TASK TO COMPLETE: Look through the records and copy each line that has "extrude" in it.

SUPPLIED ENTRIES:

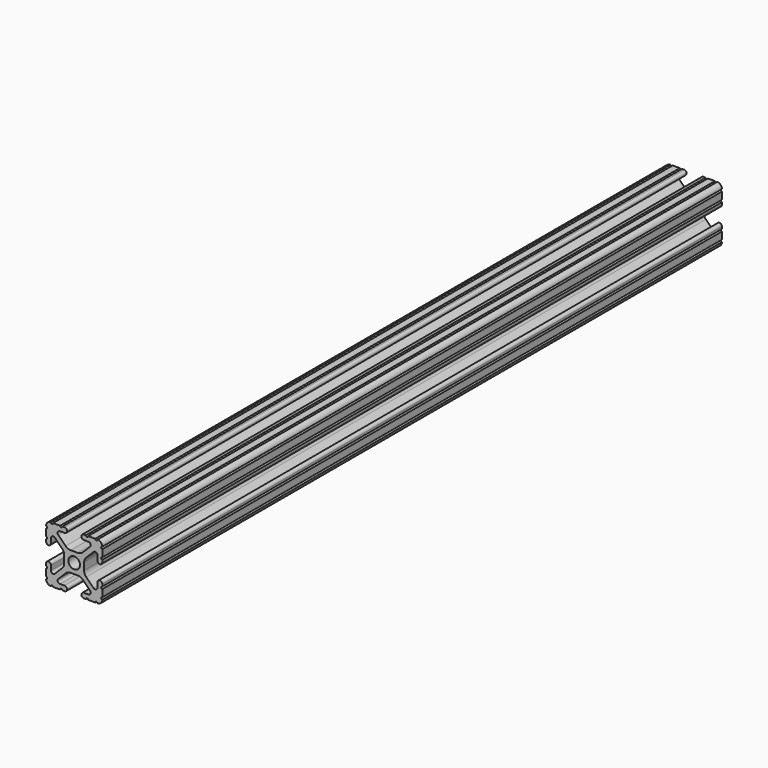
from build123d import *

# Parameters (mm, degrees)
F1_DEPTH = 375
F2_DEPTH = 25


# Not quite as in the source:
# - ends of sketch curves that miss each other by under 0.0002 mm in the source are joined


with BuildPart() as f1:
    # F0 (on Front) → F1 (new body)
    with BuildSketch(Plane.XZ):
        with BuildLine():
            ThreePointArc((-12.7, -9.5504), (-12.1920000057, -10.0583238), (-12.6998476, -10.5663999771))
            ThreePointArc((-12.6998476, -10.5663999771), (-12.0825225161, -12.0825225161), (-10.5664000074, -12.6998469825))
            ThreePointArc((-10.5664000074, -12.6998469825), (-10.0583238, -12.1920000057), (-9.5504, -12.7))
            Line((-9.5504, -12.7), (-6.3330836, -12.7))
            ThreePointArc((-6.3330836, -12.7), (-5.8250836, -12.192), (-5.3170836, -12.7))
            Line((-5.3170836, -12.7), (-4.3434, -12.7))
            ThreePointArc((-4.3434, -12.7), (-3.2385, -11.5951), (-4.3434, -10.4902))
            Line((-4.3434, -10.4902), (-6.4747902, -10.4902))
            ThreePointArc((-6.4747902, -10.4902), (-7.413451805, -9.8630063673), (-7.1932106897, -8.7557795103))
            Line((-7.1932106897, -8.7557795103), (-3.8631622, -5.4257448))
            ThreePointArc((-3.8631622, -5.4257448), (-2.8331268978, -4.7374824843), (-1.618107, -4.4958))
            Line((-1.618107, -4.4958), (1.618107, -4.4958))
            ThreePointArc((1.618107, -4.4958), (2.8331268978, -4.7374824843), (3.8631710303, -5.4257359697))
            Line((3.8631710303, -5.4257359697), (7.1932038, -8.7557864))
            ThreePointArc((7.1932038, -8.7557864), (7.413451805, -9.8630063673), (6.4747902, -10.4902))
            Line((6.4747902, -10.4902), (4.3434, -10.4902))
            ThreePointArc((4.3434, -10.4902), (3.2385, -11.5951), (4.3434, -12.7))
            Line((4.3434, -12.7), (5.3170836, -12.7))
            ThreePointArc((5.3170836, -12.7), (5.8250836, -12.192), (6.3330836, -12.7))
            Line((6.3330836, -12.7), (9.5504, -12.7))
            ThreePointArc((9.5504, -12.7), (10.0583238, -12.1920000057), (10.5663999771, -12.6998476))
            ThreePointArc((10.5663999771, -12.6998476), (12.0825225161, -12.0825225161), (12.6998469825, -10.5664000074))
            ThreePointArc((12.6998469825, -10.5664000074), (12.1920000057, -10.0583238), (12.7, -9.5504))
            Line((12.7, -9.5504), (12.7, -6.3330836))
            ThreePointArc((12.7, -6.3330836), (12.192, -5.8250836), (12.7, -5.3170836))
            Line((12.7, -5.3170836), (12.7, -4.3434))
            ThreePointArc((12.7, -4.3434), (11.5951, -3.2385), (10.4902, -4.3434))
            Line((10.4902, -4.3434), (10.4902, -6.4747902))
            ThreePointArc((10.4902, -6.4747902), (9.8630063673, -7.413451805), (8.7557795103, -7.1932106897))
            Line((8.7557795103, -7.1932106897), (5.4257448, -3.8631622))
            ThreePointArc((5.4257448, -3.8631622), (4.7374824843, -2.8331268978), (4.4958, -1.618107))
            Line((4.4958, -1.618107), (4.4958, 1.618107))
            ThreePointArc((4.4958, 1.618107), (4.7374824843, 2.8331268978), (5.4257359697, 3.8631710303))
            Line((5.4257359697, 3.8631710303), (8.7557864, 7.1932038))
            ThreePointArc((8.7557864, 7.1932038), (9.8630063673, 7.413451805), (10.4902, 6.4747902))
            Line((10.4902, 6.4747902), (10.4902, 4.3434))
            ThreePointArc((10.4902, 4.3434), (11.5951, 3.2385), (12.7, 4.3434))
            Line((12.7, 4.3434), (12.7, 5.3170836))
            ThreePointArc((12.7, 5.3170836), (12.192, 5.8250836), (12.7, 6.3330836))
            Line((12.7, 6.3330836), (12.7, 9.5504))
            ThreePointArc((12.7, 9.5504), (12.1920000057, 10.0583238), (12.6998476, 10.5663999771))
            ThreePointArc((12.6998476, 10.5663999771), (12.0825225161, 12.0825225161), (10.5664000074, 12.6998469825))
            ThreePointArc((10.5664000074, 12.6998469825), (10.0583238, 12.1920000057), (9.5504, 12.7))
            Line((9.5504, 12.7), (6.3330836, 12.7))
            ThreePointArc((6.3330836, 12.7), (5.8250836, 12.192), (5.3170836, 12.7))
            Line((5.3170836, 12.7), (4.3434, 12.7))
            ThreePointArc((4.3434, 12.7), (3.2385, 11.5951), (4.3434, 10.4902))
            Line((4.3434, 10.4902), (6.4747902, 10.4902))
            ThreePointArc((6.4747902, 10.4902), (7.413451805, 9.8630063673), (7.1932106897, 8.7557795103))
            Line((7.1932106897, 8.7557795103), (3.8631622, 5.4257448))
            ThreePointArc((3.8631622, 5.4257448), (2.8331268978, 4.7374824843), (1.618107, 4.4958))
            Line((1.618107, 4.4958), (-1.618107, 4.4958))
            ThreePointArc((-1.618107, 4.4958), (-2.8331268978, 4.7374824843), (-3.8631710303, 5.4257359697))
            Line((-3.8631710303, 5.4257359697), (-7.1932038, 8.7557864))
            ThreePointArc((-7.1932038, 8.7557864), (-7.413451805, 9.8630063673), (-6.4747902, 10.4902))
            Line((-6.4747902, 10.4902), (-4.3434, 10.4902))
            ThreePointArc((-4.3434, 10.4902), (-3.2385, 11.5951), (-4.3434, 12.7))
            Line((-4.3434, 12.7), (-5.3170836, 12.7))
            ThreePointArc((-5.3170836, 12.7), (-5.8250836, 12.192), (-6.3330836, 12.7))
            Line((-6.3330836, 12.7), (-9.5504, 12.7))
            ThreePointArc((-9.5504, 12.7), (-10.0583238, 12.1920000057), (-10.5663999771, 12.6998476))
            ThreePointArc((-10.5663999771, 12.6998476), (-12.0825225161, 12.0825225161), (-12.6998469825, 10.5664000074))
            ThreePointArc((-12.6998469825, 10.5664000074), (-12.1920000057, 10.0583238), (-12.7, 9.5504))
            Line((-12.7, 9.5504), (-12.7, 6.3330836))
            ThreePointArc((-12.7, 6.3330836), (-12.192, 5.8250836), (-12.7, 5.3170836))
            Line((-12.7, 5.3170836), (-12.7, 4.3434))
            ThreePointArc((-12.7, 4.3434), (-11.5951, 3.2385), (-10.4902, 4.3434))
            Line((-10.4902, 4.3434), (-10.4902, 6.4747902))
            ThreePointArc((-10.4902, 6.4747902), (-9.8630063673, 7.413451805), (-8.7557795103, 7.1932106897))
            Line((-8.7557795103, 7.1932106897), (-5.4257448, 3.8631622))
            ThreePointArc((-5.4257448, 3.8631622), (-4.7374824843, 2.8331268978), (-4.4958, 1.618107))
            Line((-4.4958, 1.618107), (-4.4958, -1.618107))
            ThreePointArc((-4.4958, -1.618107), (-4.7374824843, -2.8331268978), (-5.4257359697, -3.8631710303))
            Line((-5.4257359697, -3.8631710303), (-8.7557864, -7.1932038))
            ThreePointArc((-8.7557864, -7.1932038), (-9.8630063673, -7.413451805), (-10.4902, -6.4747902))
            Line((-10.4902, -6.4747902), (-10.4902, -4.3434))
            ThreePointArc((-10.4902, -4.3434), (-11.5951, -3.2385), (-12.7, -4.3434))
            Line((-12.7, -4.3434), (-12.7, -5.3170836))
            ThreePointArc((-12.7, -5.3170836), (-12.192, -5.8250836), (-12.7, -6.3330836))
            Line((-12.7, -6.3330836), (-12.7, -9.5504))
        make_face()
        with BuildLine():
            ThreePointArc((-2.6035, 0), (0, 2.6035), (2.6035, 0))
            ThreePointArc((2.6035, 0), (0, -2.6035), (-2.6035, 0))
        make_face(mode=Mode.SUBTRACT)
    extrude(amount=F1_DEPTH)

    # F2 (cut): a face of the model
    f2_faces = [f1.faces().sort_by_distance(p)[0] for p in [
        (-10.849410262, -375, 5.4090951),
    ]]
    extrude(f2_faces, amount=-F2_DEPTH, mode=Mode.SUBTRACT)


solid = f1.part

EXPECTED OUTPUT:
    extrude(amount=F1_DEPTH)
    extrude(f2_faces, amount=-F2_DEPTH, mode=Mode.SUBTRACT)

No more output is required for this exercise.